Who could be against defining a nation’s success by its level of happiness? Much more feel-good than grubby old GDP, especially in times when there’s less of the P to go around. This is what President Sarkozy of France is now urging, after taking delivery of a report by two Nobel Prize-winning economists, Joseph Stiglitz and Amartya Sen.
But the auguries are not good. The country that famously already runs on these lines, Bhutan, is far from happy. In fact, as this report in the Independent shows, it has recently been suffering a spate of suicides.
The more obvious objection, however, is just how woolly Gross National Happiness is as a measure. Who decides what counts as happiness, and what happens when one person’s pleasure causes another’s pain? This applies in numerous ways to religion. Just the other night I was watching Sepet, a film by the much-missed Malaysian film director Yasmin Ahmad, in which Orked, the Malay female lead, meets her Chinese boyfriend in a cafe. As she passes the chef chopping up crispy pork, poor Orked looks as if she’s been stung by a wasp. She’s a Muslim, he’s Taoist. An essential pleasure for him is anathema to her. More generally, any kind of felicific calculus, as Jeremy Bentham titled his formula for quantifying pain and pleasure, is going to have problems recognising the value of actions and experiences relating to religion or, for that matter, attacks on religion.
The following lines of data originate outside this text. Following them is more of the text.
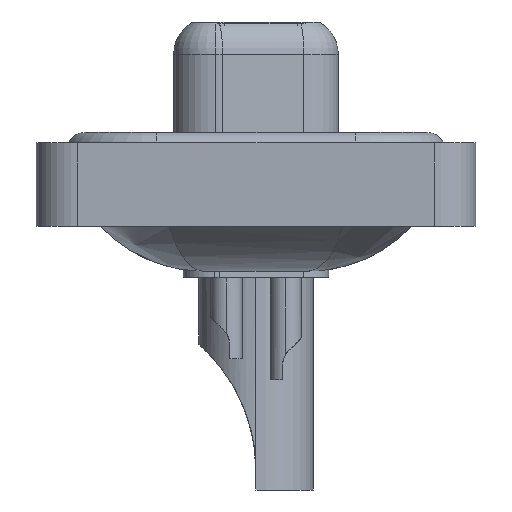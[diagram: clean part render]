
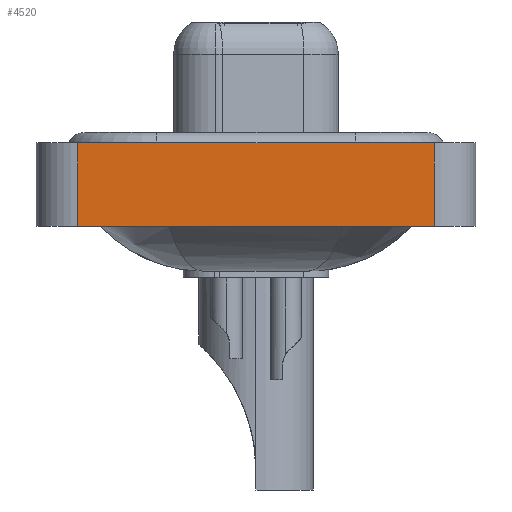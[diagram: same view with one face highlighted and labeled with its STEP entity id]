
A CAD part, left-side view. The second image highlights one B-rep face of the part: STEP entity #4520.
In plain terms, the highlighted planar face has unit normal (-1, 0, 0).
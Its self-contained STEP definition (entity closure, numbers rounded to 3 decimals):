
#196 = VERTEX_POINT ( 'NONE', #629 ) ;
#365 = DIRECTION ( 'NONE',  ( -1., 0., 0. ) ) ;
#629 = CARTESIAN_POINT ( 'NONE',  ( -7.3, -8.55, -3.6 ) ) ;
#1158 = CARTESIAN_POINT ( 'NONE',  ( -7.3, -8.55, -3.6 ) ) ;
#1205 = ORIENTED_EDGE ( 'NONE', *, *, #11827, .T. ) ;
#1836 = DIRECTION ( 'NONE',  ( 0., 0., 1. ) ) ;
#1920 = FACE_OUTER_BOUND ( 'NONE', #9299, .T. ) ;
#3502 = VECTOR ( 'NONE', #10788, 1000. ) ;
#3709 = ORIENTED_EDGE ( 'NONE', *, *, #17572, .F. ) ;
#4520 = ADVANCED_FACE ( 'NONE', ( #1920 ), #15809, .T. ) ;
#4964 = VECTOR ( 'NONE', #1836, 1000. ) ;
#5768 = VERTEX_POINT ( 'NONE', #18923 ) ;
#6378 = CARTESIAN_POINT ( 'NONE',  ( -7.3, -8.55, 0.4 ) ) ;
#6514 = CARTESIAN_POINT ( 'NONE',  ( -7.3, 8.55, 0.4 ) ) ;
#6992 = DIRECTION ( 'NONE',  ( 0., 0., 1. ) ) ;
#8396 = EDGE_CURVE ( 'NONE', #5768, #21709, #9965, .T. ) ;
#9299 = EDGE_LOOP ( 'NONE', ( #16265, #3709, #16435, #1205 ) ) ;
#9965 = LINE ( 'NONE', #22133, #19442 ) ;
#10788 = DIRECTION ( 'NONE',  ( 0., -1., 0. ) ) ;
#11827 = EDGE_CURVE ( 'NONE', #5768, #196, #20378, .T. ) ;
#12151 = CARTESIAN_POINT ( 'NONE',  ( -7.3, -8.55, -3.6 ) ) ;
#12922 = LINE ( 'NONE', #16337, #3502 ) ;
#13296 = DIRECTION ( 'NONE',  ( 0., -1., 0. ) ) ;
#13758 = LINE ( 'NONE', #17305, #4964 ) ;
#15809 = PLANE ( 'NONE',  #20923 ) ;
#16262 = VERTEX_POINT ( 'NONE', #6378 ) ;
#16265 = ORIENTED_EDGE ( 'NONE', *, *, #19578, .T. ) ;
#16337 = CARTESIAN_POINT ( 'NONE',  ( -7.3, -8.55, 0.4 ) ) ;
#16435 = ORIENTED_EDGE ( 'NONE', *, *, #8396, .F. ) ;
#17305 = CARTESIAN_POINT ( 'NONE',  ( -7.3, -8.55, -3.6 ) ) ;
#17572 = EDGE_CURVE ( 'NONE', #21709, #16262, #12922, .T. ) ;
#18539 = VECTOR ( 'NONE', #13296, 1000. ) ;
#18923 = CARTESIAN_POINT ( 'NONE',  ( -7.3, 8.55, -3.6 ) ) ;
#19442 = VECTOR ( 'NONE', #20309, 1000. ) ;
#19578 = EDGE_CURVE ( 'NONE', #196, #16262, #13758, .T. ) ;
#20309 = DIRECTION ( 'NONE',  ( 0., 0., 1. ) ) ;
#20378 = LINE ( 'NONE', #1158, #18539 ) ;
#20923 = AXIS2_PLACEMENT_3D ( 'NONE', #12151, #365, #6992 ) ;
#21709 = VERTEX_POINT ( 'NONE', #6514 ) ;
#22133 = CARTESIAN_POINT ( 'NONE',  ( -7.3, 8.55, -3.6 ) ) ;

Much as utilitarianism appeals, I’ve found it difficult to take these attempts to weave it into governmental programmes seriously since going to a talk that our own “happiness tsar”, Richard Layard, gave at the Palace of Westminster. When I raised the question of how elitism and higher pleasures fitted in with his theories, he gave me a very cold look. Enough said. Any attempt to enliven the “dismal science”, as Carlyle called economics, is to be welcomed. But discussions of happiness all too often start off vague and swiftly head towards vacuity.
Let’s see how much we hear about Sarkozy’s grand new plan a few months down the line.